Ollama client for AI-powered article summarization
"""
import requests
import time
from datetime import datetime


class OllamaClient:
    """Client for communicating with Ollama server for text summarization"""

    def __init__(self, base_url, model, api_key=None, enabled=True, timeout=30):
        """
        Initialize Ollama client

        Args:
            base_url: Ollama server URL (e.g., http://localhost:11434)
            model: Model name to use (e.g., phi3:latest)
            api_key: Optional API key for authentication
            enabled: Whether Ollama is enabled
            timeout: Request timeout in seconds (default 30)
        """
        self.base_url = base_url.rstrip('/')
        self.model = model
        self.api_key = api_key
        self.enabled = enabled
        self.timeout = timeout

    def summarize_article(self, content, max_words=150):
        """
        Summarize article content using Ollama

        Args:
            content: Full article text
            max_words: Maximum words in summary (default 150)

        Returns:
            {
                'summary': str,              # AI-generated summary
                'summary_word_count': int,   # Summary word count
                'original_word_count': int,  # Original article word count
                'success': bool,             # Whether summarization succeeded
                'error': str or None,        # Error message if failed
                'duration': float            # Time taken in seconds
            }
        """
        if not self.enabled:
            return {
                'summary': None,
                'summary_word_count': 0,
                'original_word_count': 0,
                'success': False,
                'error': 'Ollama is not enabled',
                'duration': 0
            }

        if not content or len(content.strip()) == 0:
            return {
                'summary': None,
                'summary_word_count': 0,
                'original_word_count': 0,
                'success': False,
                'error': 'Content is empty',
                'duration': 0
            }

        # Calculate original word count
        original_word_count = len(content.split())

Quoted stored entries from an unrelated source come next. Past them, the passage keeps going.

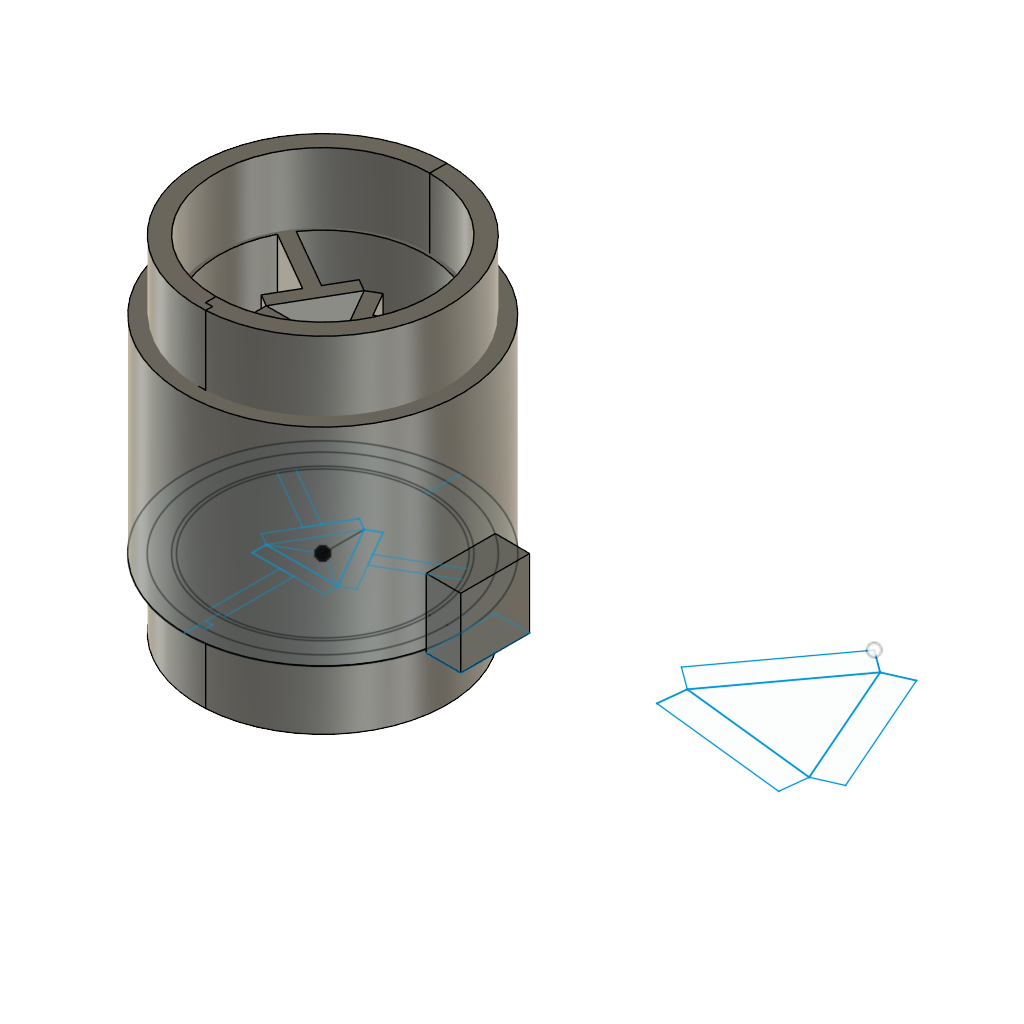
piston-v2 (Autodesk Fusion 360 design; units mm, degrees)
part number: 2026-11-23-15-58-47-754
Autodesk Fusion 360 part; units mm, degrees
sketch "草图1" plane through (0, 0, 0) normal (0, 0, 1) x (1, 0, 0)
  circle A0 centre (0, 0) radius 75
  circle A1 centre (0, 0) radius 100
  line L0 (0, -75) -> (0, -85)
  line L1 (0, -85) -> (5, -85)
  line L2 (5, -85) -> (5, -90)
  line L3 (5, -90) -> (0, -90)
  line L4 (0, -90) -> (0, -100)
  line L5 (0, 100) -> (0, 75)
  line L6 (276.6423, 127.379) -> (217.3979, 46.8178)
  line L7 (217.3979, 46.8178) -> (316.7881, 35.7913)
  line L8 (316.7881, 35.7913) -> (276.6423, 127.379)
  line L9 (276.6423, 127.379) -> (260.53, 139.2278)
  line L10 (276.6423, 127.379) -> (294.9598, 135.4081)
  line L11 (217.3979, 46.8178) -> (215.1926, 26.9397)
  line L12 (217.3979, 46.8178) -> (276.6423, 127.379)
  line L13 (276.6423, 127.379) -> (260.53, 139.2278)
  line L14 (260.53, 139.2278) -> (201.2857, 58.6666)
  line L15 (201.2857, 58.6666) -> (217.3979, 46.8178)
  line L16 (276.6423, 127.379) -> (294.9598, 135.4081)
  line L17 (294.9598, 135.4081) -> (335.1057, 43.8204)
  line L18 (335.1057, 43.8204) -> (316.7881, 35.7913)
  line L19 (316.7881, 35.7913) -> (276.6423, 127.379)
  line L20 (217.3979, 46.8178) -> (215.1926, 26.9397)
  line L21 (215.1926, 26.9397) -> (314.5828, 15.9132)
  line L22 (314.5828, 15.9132) -> (316.7881, 35.7913)
  line L23 (316.7881, 35.7913) -> (217.3979, 46.8178)
  line L24 (0, 0) -> (0, 30)
  line L25 (0, 0) -> (-25.9808, -15)
  line L26 (0, 0) -> (25.9808, -15)
  line L27 (-25.9808, -15) -> (25.9808, -15)
  line L28 (0, 30) -> (25.9808, -15)
  line L29 (0, 30) -> (8.6603, 35)
  line L30 (0, 30) -> (-8.6603, 35)
  line L31 (-25.9808, -15) -> (-25.9808, -25)
  line L32 (-25.9808, -15) -> (0, 30)
  line L33 (0, 30) -> (-8.6603, 35)
  line L34 (-8.6603, 35) -> (-34.641, -10)
  line L35 (-34.641, -10) -> (-25.9808, -15)
  line L36 (-25.9808, -25) -> (25.9808, -25)
  line L37 (25.9808, -25) -> (25.9808, -15)
  line L38 (25.9808, -15) -> (-25.9808, -15)
  line L39 (-25.9808, -15) -> (-25.9808, -25)
  line L40 (8.6603, 35) -> (0, 30)
  line L41 (0, 30) -> (25.9808, -15)
  line L42 (25.9808, -15) -> (34.641, -10)
  line L43 (34.641, -10) -> (8.6603, 35)
  line L44 (8.6603, 35) -> (18.6603, 17.6795)
  line L45 (18.6603, 17.6795) -> (23.6603, 9.0192)
  line L46 (18.6603, 17.6795) -> (61.7547, 42.5601)
  line L47 (23.6603, 9.0192) -> (66.8682, 33.9654)
  line L48 (-25.9808, -25) -> (-5.9808, -25)
  line L49 (-5.9808, -25) -> (4.0192, -25)
  line L50 (-5.9808, -25) -> (-5.9808, -74.7612)
  line L51 (4.0192, -25) -> (4.0192, -74.8922)
  line L52 (-8.6603, 35) -> (-18.6603, 17.6795)
  line L53 (-18.6603, 17.6795) -> (-23.6603, 9.0192)
  line L54 (-18.6603, 17.6795) -> (-61.7547, 42.5601)
  line L55 (-23.6603, 9.0192) -> (-66.8682, 33.9654)
  circle A2 centre (0, 0) radius 77.5
  circle A3 centre (0, 0) radius 90
  line L56 (100, 25) -> (125, 25)
  line L57 (125, 25) -> (125, -25)
  line L58 (125, -25) -> (100, -25)
  line L59 (100, -25) -> (100, 25)
  dimension "d1" = 150
  dimension "d2" = 200
  dimension "d3" = 60
  dimension "d4" = 60
  dimension "d5" = 100
  dimension "d6" = 20
  dimension "d7" = 90
  dimension "d8" = 20
  dimension "d9" = 20
  dimension "d38" = 10
  dimension "d61" = 155
  dimension "d62" = 180
  constraint coincident A0.centre A1.centre
  constraint coincident A0 L0.start
  constraint perpendicular A0 L0
  constraint perpendicular L0 L1
  constraint perpendicular L1 L2
  constraint perpendicular L2 L3
  constraint coincident A1 L4.end
  constraint perpendicular A1 L4
  constraint coincident A1 L5.start
  constraint coincident A0 L5.end
  constraint perpendicular A0 L5
  constraint perpendicular L6 L9
  constraint perpendicular L7 L11
  constraint perpendicular L12 L13
  constraint parallel L12 L14
  constraint parallel L13 L15
  constraint perpendicular L16 L17
  constraint parallel L16 L18
  constraint parallel L17 L19
  constraint perpendicular L20 L21
  constraint parallel L20 L22
  constraint parallel L21 L23
  constraint vertical L24
  constraint horizontal L27
  constraint perpendicular L28 L29
  constraint perpendicular L32 L33
  constraint parallel L32 L34
  constraint parallel L33 L35
  constraint horizontal L36
  constraint vertical L37
  constraint horizontal L38
  constraint vertical L39
  constraint perpendicular L40 L41
  constraint parallel L40 L42
  constraint parallel L41 L43
  constraint perpendicular L29 L44
  constraint parallel L43 L45
  constraint coincident A0 L46.end
  constraint perpendicular L45 L46
  constraint coincident A0 L47.end
  constraint perpendicular L45 L47
  constraint perpendicular L31 L48
  constraint parallel L36 L49
  constraint coincident A0 L50.end
  constraint perpendicular L49 L50
  constraint coincident A0 L51.end
  constraint perpendicular L49 L51
  constraint perpendicular L33 L52
  constraint parallel L34 L53
  constraint coincident A0 L54.end
  constraint perpendicular L34 L54
  constraint coincident A0 L55.end
  constraint perpendicular L34 L55
  constraint concentric A1 A3
  constraint horizontal L56
  constraint vertical L57
  constraint horizontal L58
  constraint vertical L59
  measures "d1" diameter of A0
  measures "d2" diameter of A1
  measures "d3" angle of L6 L8
  measures "d4" angle of L6 L7
  measures "d5" distance of L6.start L6.end
  measures "d6" distance of L6.start L9.end
  measures "d7" angle of L8 L10
  measures "d8" distance of L6.start L10.end
  measures "d9" distance of L6.end L11.end
  measures "d38" distance of L48.end L49.end
  measures "d61" diameter of A2
  measures "d62" diameter of A3
extrude "拉伸9" add sketch "草图1" along normal blind 200 and the other way blind 50 contours L0 L1 L2 L5 A2 A3 picked at (-8.3215, -83.5431) makes body 1
extrude "拉伸10" add sketch "草图1" along normal blind 200 and the other way blind 50 separate body contours L0 L1 L2 L5 A2 A3 picked at (22.7938, -82.5988) makes body 2
extrude "拉伸11" add sketch "草图1" along normal blind 150 separate body contours A0 L0 L5 A2 | L0 L1 L2 L5 A2 A3 | A1 L4 L5 A3 picked at (-11.2971, -74.8632) picked at (-8.3215, -83.5431) makes body 3
extrude "拉伸12" add sketch "草图1" along normal blind 150 separate body contours A0 L0 L5 A2 | L0 L1 L2 L5 A2 A3 | A1 L2 L3 L4 L5 A3 picked at (9.7755, -75.0773) picked at (22.7938, -82.5988) makes body 4
extrude "拉伸13" add sketch "草图1" along normal blind 150 separate body contours L28 L29 L40 L41 L42 L43 L44 L45 | L27 L31 L36 L37 L38 L39 L48 L49 | L30 L32 L33 L34 L35 L52 L53 makes body 5
extrude "拉伸14" add sketch "草图1" along normal blind 150 contours A0 L43 L45 L46 L47 | A0 L36 L49 L50 L51 | A0 L34 L53 L54 L55 bodies 3 4 5
extrude "拉伸15" add sketch "草图1" along normal blind 50 separate body contours L56 L57 L58 L59 makes body 6

        start_time = time.time()

        try:
            # Construct prompt
            prompt = self._build_summarization_prompt(content, max_words)

            # Prepare request
            url = f"{self.base_url}/api/generate"
            headers = {'Content-Type': 'application/json'}
            if self.api_key:
                headers['Authorization'] = f'Bearer {self.api_key}'

            payload = {
                'model': self.model,
                'prompt': prompt,
                'stream': False,
                'options': {
                    'temperature': 0.7,
                    'num_predict': 250  # Limit response length
                }
            }

            # Make request
            response = requests.post(
                url,
                json=payload,
                headers=headers,
                timeout=self.timeout
            )
            response.raise_for_status()

            # Parse response
            result = response.json()
            summary = result.get('response', '').strip()

            if not summary:
                return {
                    'summary': None,
                    'summary_word_count': 0,
                    'original_word_count': original_word_count,
                    'success': False,
                    'error': 'Ollama returned empty summary',
                    'duration': time.time() - start_time
                }

            # Clean markdown formatting from summary
            summary = self._clean_markdown(summary)

            summary_word_count = len(summary.split())

            return {
                'summary': summary,
                'summary_word_count': summary_word_count,
                'original_word_count': original_word_count,
                'success': True,
                'error': None,
                'duration': time.time() - start_time
            }

        except requests.exceptions.Timeout:
            return {
                'summary': None,
                'summary_word_count': 0,
                'original_word_count': original_word_count,
                'success': False,
                'error': f'Request timed out after {self.timeout} seconds',
                'duration': time.time() - start_time
            }
        except requests.exceptions.ConnectionError:
            return {
                'summary': None,
                'summary_word_count': 0,
                'original_word_count': original_word_count,
                'success': False,
                'error': f'Cannot connect to Ollama server at {self.base_url}',
                'duration': time.time() - start_time
            }
        except requests.exceptions.HTTPError as e:
            return {
                'summary': None,
                'summary_word_count': 0,
                'original_word_count': original_word_count,
                'success': False,
                'error': f'HTTP error: {e.response.status_code} - {e.response.text[:100]}',
                'duration': time.time() - start_time
            }
        except Exception as e:
            return {
                'summary': None,
                'summary_word_count': 0,
                'original_word_count': original_word_count,
                'success': False,
                'error': f'Unexpected error: {str(e)}',
                'duration': time.time() - start_time
            }

    def translate_title(self, title, target_language='English'):
        """
        Translate article title to target language

        Args:
            title: Original title (typically German)
            target_language: Target language (default: 'English')

        Returns:
            {
                'success': bool,             # Whether translation succeeded
                'translated_title': str or None,  # Translated title
                'error': str or None,        # Error message if failed
                'duration': float            # Time taken in seconds
            }
        """
        if not self.enabled:
            return {
                'success': False,
                'translated_title': None,
                'error': 'Ollama is not enabled',
                'duration': 0
            }

        if not title or len(title.strip()) == 0:
            return {
                'success': False,
                'translated_title': None,
                'error': 'Title is empty',
                'duration': 0
            }

        start_time = time.time()

        try:
            # Construct prompt
            prompt = self._build_translation_prompt(title, target_language)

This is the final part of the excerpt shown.